Given a Tree, performs a two-pass Fitch parsimony reconstruction at each genomic position to assign ancestral states to internal nodes.

Pass 1 (pruning / up-pass): bottom-up, assigns a state to each node based on the intersection (or union when intersection is empty) of its children. We encode ambiguity as 0.5.

Pass 2 (peeling / down-pass): top-down, resolves ambiguous states by propagating the parent’s definite state downward.

class pysinger.reconstruction.fitch.FitchReconstruction(tree: Tree)[source]

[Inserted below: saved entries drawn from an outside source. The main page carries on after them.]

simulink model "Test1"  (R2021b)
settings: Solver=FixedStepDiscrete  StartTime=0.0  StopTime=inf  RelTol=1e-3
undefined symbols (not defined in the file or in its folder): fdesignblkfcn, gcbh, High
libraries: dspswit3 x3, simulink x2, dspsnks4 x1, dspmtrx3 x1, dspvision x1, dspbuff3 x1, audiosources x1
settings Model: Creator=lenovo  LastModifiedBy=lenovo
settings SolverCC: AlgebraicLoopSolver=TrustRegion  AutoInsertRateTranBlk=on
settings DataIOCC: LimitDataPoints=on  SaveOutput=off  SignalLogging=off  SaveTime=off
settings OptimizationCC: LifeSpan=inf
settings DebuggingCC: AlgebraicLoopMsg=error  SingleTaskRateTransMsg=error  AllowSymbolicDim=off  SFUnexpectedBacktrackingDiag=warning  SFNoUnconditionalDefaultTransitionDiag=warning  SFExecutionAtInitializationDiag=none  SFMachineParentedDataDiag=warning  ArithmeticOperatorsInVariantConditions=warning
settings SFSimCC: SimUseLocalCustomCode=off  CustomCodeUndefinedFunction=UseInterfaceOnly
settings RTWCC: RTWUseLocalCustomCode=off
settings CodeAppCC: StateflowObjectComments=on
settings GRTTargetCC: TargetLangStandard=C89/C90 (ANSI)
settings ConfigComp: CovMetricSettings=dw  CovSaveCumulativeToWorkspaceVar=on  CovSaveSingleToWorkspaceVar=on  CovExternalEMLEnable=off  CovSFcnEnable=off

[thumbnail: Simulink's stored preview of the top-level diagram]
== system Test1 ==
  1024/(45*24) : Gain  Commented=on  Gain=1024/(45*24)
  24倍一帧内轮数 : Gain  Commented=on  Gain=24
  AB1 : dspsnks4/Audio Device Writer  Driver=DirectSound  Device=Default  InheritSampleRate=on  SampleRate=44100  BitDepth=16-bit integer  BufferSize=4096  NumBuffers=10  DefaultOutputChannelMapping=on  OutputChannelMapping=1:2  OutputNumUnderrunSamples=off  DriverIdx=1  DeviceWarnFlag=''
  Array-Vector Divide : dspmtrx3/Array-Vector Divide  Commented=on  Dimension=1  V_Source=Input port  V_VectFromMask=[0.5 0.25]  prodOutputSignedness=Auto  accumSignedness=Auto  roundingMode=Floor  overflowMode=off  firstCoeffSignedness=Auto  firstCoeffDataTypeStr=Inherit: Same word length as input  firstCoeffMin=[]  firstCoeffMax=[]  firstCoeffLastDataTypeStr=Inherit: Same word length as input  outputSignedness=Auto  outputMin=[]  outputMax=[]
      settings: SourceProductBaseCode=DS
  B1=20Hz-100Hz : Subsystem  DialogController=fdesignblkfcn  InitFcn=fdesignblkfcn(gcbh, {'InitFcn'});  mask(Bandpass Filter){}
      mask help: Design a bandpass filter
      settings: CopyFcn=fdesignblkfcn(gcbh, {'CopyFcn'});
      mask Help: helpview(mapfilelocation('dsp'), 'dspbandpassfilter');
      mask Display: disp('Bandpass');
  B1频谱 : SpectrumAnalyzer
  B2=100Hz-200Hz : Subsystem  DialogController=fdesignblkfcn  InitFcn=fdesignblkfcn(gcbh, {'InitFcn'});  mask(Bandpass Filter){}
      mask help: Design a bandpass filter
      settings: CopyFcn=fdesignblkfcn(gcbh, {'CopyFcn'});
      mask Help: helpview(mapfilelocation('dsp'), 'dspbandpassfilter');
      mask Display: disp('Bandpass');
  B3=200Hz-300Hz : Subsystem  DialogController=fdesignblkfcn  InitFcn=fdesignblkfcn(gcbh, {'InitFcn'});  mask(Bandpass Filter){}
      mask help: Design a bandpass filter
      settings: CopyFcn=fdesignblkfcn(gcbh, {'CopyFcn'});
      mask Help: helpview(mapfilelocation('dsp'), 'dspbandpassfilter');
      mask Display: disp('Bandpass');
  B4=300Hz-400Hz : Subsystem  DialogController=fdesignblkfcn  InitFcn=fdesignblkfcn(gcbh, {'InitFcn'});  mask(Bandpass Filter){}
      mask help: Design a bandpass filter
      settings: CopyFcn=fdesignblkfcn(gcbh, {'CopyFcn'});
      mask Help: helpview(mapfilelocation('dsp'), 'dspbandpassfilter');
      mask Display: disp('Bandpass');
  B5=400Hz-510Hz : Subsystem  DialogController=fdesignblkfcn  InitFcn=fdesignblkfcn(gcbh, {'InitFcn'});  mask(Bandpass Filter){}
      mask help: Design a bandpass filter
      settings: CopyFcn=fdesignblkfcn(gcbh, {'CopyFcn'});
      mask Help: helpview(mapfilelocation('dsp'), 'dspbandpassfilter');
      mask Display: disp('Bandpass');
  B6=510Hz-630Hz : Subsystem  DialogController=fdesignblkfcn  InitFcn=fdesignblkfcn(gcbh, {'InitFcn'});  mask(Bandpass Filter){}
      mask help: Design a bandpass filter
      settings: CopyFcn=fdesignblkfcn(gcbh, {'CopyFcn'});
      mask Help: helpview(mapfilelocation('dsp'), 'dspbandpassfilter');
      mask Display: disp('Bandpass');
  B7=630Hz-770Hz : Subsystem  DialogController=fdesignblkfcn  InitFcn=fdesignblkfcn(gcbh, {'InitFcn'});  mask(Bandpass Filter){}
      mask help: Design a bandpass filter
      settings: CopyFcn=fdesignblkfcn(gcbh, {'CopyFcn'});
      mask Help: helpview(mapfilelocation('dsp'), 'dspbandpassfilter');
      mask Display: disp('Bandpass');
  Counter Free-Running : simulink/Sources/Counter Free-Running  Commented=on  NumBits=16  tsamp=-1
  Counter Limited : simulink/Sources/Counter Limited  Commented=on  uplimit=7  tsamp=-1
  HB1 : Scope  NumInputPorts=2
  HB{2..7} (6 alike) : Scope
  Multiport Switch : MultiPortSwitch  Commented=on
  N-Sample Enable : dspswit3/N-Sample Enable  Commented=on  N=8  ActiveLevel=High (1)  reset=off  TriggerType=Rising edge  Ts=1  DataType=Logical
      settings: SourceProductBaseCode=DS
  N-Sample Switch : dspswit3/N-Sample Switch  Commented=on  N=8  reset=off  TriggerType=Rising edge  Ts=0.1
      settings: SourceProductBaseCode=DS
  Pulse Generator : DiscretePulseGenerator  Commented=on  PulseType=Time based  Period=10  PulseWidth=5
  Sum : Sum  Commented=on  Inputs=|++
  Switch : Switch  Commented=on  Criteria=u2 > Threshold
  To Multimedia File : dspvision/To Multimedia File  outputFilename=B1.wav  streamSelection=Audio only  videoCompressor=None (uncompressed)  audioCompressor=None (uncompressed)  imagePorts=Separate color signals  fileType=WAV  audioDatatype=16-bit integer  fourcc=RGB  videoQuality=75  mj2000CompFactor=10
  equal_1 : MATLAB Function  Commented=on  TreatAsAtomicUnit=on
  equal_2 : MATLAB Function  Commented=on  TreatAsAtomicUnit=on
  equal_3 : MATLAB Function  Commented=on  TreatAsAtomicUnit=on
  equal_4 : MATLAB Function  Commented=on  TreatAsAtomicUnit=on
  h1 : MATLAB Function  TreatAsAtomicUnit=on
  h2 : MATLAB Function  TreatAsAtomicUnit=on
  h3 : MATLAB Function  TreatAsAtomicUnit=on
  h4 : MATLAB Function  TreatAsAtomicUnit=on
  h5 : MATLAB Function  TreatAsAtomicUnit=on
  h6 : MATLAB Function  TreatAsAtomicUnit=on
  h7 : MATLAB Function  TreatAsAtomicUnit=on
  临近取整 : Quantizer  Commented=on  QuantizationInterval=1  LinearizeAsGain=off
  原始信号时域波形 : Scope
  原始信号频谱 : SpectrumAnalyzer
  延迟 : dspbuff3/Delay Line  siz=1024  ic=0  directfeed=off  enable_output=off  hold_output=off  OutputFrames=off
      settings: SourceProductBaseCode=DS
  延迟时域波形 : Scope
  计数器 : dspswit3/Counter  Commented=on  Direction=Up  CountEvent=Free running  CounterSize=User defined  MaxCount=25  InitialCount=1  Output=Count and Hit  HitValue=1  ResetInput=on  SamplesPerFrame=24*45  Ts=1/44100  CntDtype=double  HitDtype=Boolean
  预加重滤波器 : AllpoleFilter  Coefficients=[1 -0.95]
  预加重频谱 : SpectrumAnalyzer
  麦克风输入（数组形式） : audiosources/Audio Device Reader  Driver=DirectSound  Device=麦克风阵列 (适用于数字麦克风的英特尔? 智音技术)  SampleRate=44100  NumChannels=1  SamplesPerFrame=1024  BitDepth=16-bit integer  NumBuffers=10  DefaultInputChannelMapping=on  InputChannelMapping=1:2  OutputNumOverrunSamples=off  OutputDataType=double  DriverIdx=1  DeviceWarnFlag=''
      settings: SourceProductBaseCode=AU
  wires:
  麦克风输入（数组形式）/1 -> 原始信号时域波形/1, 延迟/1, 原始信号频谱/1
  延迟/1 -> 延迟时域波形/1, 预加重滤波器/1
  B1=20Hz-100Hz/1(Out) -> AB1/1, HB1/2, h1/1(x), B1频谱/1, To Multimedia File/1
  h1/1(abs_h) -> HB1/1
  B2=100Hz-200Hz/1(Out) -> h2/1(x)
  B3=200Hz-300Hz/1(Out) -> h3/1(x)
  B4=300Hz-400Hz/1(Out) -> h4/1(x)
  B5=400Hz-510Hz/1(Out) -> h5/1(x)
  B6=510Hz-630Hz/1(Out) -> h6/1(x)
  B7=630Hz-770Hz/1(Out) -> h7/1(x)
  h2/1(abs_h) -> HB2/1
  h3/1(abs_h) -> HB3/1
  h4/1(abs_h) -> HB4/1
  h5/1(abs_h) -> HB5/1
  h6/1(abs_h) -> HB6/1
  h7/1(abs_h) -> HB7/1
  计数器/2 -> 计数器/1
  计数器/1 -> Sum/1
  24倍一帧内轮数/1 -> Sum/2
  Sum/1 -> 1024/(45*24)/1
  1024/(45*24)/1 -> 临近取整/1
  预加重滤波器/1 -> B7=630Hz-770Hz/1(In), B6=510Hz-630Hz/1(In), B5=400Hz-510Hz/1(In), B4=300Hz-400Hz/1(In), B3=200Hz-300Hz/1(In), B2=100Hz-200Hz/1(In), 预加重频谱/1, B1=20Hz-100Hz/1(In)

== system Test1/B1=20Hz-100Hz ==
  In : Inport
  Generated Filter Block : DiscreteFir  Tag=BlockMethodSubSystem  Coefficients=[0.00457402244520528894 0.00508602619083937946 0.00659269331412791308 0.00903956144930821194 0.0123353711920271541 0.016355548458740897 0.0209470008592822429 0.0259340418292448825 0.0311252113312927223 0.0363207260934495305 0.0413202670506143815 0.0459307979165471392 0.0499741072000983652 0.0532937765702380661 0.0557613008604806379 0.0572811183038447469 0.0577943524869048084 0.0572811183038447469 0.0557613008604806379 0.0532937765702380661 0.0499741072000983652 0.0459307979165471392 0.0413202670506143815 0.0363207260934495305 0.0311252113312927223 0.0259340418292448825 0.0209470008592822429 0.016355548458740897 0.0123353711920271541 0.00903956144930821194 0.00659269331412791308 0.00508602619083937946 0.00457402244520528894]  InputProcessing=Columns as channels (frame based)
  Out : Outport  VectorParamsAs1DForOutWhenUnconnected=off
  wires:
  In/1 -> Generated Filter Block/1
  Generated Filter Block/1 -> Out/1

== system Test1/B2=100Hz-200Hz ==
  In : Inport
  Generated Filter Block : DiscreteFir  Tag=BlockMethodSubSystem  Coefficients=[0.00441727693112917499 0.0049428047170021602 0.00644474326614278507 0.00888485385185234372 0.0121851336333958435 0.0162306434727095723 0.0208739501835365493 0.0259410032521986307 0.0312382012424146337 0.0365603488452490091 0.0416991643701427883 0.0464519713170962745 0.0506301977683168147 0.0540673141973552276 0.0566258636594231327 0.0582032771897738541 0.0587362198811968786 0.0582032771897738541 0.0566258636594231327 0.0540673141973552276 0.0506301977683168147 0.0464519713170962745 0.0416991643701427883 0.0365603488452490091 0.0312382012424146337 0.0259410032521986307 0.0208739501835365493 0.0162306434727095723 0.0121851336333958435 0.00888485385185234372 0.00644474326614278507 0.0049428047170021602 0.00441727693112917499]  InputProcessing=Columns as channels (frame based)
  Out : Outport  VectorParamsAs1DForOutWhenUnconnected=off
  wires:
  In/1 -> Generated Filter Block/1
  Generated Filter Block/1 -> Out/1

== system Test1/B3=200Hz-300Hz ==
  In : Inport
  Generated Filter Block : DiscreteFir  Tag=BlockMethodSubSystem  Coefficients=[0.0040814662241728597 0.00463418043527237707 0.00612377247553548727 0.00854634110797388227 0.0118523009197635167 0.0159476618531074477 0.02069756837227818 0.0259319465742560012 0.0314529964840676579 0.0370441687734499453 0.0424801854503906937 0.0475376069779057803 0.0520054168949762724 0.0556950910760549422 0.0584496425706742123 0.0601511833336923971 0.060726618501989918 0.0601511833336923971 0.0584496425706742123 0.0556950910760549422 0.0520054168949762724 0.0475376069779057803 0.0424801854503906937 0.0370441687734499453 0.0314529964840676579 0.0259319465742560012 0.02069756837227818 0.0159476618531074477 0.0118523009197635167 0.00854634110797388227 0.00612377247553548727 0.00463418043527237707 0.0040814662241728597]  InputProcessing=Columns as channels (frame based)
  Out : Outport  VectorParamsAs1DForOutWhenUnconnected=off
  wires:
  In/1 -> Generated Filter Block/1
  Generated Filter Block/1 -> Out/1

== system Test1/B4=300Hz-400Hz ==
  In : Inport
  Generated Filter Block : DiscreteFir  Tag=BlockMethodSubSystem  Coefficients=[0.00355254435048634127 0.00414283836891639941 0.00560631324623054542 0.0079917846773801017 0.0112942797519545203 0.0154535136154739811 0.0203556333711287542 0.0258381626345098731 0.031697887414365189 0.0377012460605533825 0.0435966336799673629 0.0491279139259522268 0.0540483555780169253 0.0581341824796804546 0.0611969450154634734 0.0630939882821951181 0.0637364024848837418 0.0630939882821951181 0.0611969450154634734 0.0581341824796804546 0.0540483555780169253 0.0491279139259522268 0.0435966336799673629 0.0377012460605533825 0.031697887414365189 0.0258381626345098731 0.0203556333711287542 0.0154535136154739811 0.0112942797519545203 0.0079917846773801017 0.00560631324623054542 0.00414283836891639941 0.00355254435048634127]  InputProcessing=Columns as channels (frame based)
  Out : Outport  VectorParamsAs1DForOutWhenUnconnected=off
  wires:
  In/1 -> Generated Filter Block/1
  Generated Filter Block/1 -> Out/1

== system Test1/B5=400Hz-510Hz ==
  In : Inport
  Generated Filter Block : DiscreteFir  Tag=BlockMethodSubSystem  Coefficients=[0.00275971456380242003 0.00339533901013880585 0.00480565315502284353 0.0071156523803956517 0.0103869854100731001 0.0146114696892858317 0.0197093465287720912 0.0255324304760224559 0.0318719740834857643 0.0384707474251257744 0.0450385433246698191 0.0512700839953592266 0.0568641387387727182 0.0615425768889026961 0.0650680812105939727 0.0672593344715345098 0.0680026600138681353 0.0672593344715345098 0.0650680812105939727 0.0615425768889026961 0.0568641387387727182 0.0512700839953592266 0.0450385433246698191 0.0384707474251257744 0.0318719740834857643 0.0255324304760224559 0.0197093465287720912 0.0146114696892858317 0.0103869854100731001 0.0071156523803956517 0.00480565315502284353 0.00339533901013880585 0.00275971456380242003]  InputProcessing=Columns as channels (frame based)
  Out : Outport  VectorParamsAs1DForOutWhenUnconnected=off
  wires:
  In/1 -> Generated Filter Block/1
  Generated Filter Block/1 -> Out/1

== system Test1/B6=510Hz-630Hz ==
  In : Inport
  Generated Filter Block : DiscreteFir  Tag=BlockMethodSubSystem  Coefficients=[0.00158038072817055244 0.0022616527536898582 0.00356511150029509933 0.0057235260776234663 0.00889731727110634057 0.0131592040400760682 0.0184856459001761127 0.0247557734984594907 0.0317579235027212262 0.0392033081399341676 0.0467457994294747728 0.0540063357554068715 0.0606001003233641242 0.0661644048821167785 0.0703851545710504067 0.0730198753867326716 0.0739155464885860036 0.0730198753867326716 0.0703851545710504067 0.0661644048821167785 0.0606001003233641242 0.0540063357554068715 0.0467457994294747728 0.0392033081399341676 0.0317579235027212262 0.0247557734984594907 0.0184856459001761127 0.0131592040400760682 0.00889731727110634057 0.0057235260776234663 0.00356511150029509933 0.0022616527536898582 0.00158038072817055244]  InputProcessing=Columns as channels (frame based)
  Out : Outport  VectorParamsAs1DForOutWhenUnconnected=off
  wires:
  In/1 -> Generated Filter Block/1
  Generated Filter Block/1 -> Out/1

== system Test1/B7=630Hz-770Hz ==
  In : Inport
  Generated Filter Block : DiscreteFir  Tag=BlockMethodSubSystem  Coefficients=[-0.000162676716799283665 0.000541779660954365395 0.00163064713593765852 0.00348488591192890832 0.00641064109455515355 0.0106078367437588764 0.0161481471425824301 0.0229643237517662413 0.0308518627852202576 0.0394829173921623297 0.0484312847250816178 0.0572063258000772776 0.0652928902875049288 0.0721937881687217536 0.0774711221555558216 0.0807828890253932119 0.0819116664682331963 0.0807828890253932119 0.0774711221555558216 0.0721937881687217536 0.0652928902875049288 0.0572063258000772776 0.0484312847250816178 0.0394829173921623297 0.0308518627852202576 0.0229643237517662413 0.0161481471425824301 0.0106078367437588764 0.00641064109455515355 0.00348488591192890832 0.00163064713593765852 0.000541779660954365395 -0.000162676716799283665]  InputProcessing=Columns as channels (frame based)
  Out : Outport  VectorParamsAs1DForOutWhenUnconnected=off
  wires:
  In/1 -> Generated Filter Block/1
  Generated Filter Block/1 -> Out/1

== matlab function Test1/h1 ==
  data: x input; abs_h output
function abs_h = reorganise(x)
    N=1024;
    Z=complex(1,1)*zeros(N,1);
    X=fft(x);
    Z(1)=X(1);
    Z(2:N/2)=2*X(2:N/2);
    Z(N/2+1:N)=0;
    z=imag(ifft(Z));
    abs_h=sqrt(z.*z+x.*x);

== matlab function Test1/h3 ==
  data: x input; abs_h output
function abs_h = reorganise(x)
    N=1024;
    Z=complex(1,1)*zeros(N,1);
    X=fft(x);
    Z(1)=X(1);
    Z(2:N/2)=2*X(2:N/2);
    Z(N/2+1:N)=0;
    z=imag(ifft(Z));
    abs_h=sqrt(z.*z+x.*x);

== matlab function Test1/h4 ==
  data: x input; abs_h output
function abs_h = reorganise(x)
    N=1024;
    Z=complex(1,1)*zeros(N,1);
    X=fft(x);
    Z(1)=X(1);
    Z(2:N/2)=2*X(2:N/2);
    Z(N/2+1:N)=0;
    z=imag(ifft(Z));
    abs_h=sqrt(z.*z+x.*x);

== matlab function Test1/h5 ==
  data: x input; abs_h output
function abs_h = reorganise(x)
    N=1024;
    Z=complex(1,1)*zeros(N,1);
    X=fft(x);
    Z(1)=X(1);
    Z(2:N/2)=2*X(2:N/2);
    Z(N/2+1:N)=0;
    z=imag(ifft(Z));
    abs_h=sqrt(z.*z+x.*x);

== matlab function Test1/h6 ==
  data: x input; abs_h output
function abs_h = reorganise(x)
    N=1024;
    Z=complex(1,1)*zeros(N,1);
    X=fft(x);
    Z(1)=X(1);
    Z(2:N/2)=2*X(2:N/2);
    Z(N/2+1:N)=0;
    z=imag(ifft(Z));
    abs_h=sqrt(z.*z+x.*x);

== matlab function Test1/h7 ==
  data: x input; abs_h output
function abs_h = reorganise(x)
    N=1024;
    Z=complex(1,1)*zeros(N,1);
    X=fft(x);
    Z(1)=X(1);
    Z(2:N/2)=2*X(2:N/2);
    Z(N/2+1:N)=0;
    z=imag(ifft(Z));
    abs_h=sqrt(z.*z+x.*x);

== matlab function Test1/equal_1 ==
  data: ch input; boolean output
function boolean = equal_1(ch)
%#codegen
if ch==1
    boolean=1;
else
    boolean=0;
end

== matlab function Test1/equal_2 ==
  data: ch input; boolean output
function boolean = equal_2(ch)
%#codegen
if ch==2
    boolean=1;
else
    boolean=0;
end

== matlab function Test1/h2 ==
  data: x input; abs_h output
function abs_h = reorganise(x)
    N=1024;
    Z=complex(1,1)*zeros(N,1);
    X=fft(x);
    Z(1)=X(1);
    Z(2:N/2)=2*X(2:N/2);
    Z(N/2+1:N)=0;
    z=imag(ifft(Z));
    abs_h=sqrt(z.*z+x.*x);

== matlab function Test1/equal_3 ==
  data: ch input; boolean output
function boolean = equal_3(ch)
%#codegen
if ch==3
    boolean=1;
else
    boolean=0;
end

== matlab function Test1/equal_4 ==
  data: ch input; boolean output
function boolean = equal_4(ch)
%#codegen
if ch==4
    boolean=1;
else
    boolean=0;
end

Two-pass Fitch parsimony reconstruction on a Tree.

Usage:

fr = FitchReconstruction(tree)
fr.reconstruct(pos)      # assigns states for position *pos*
fr.update(recombination) # advance tree topology
reconstruct(pos: float) None[source]

Perform Fitch reconstruction at genomic position pos.

Writes the inferred ancestral states back into each node via node.write_state(pos, state).

Mirrors Fitch_reconstruction::reconstruct.

update(r: Recombination) None[source]

Advance the topology by applying recombination r.

Mirrors Fitch_reconstruction::update.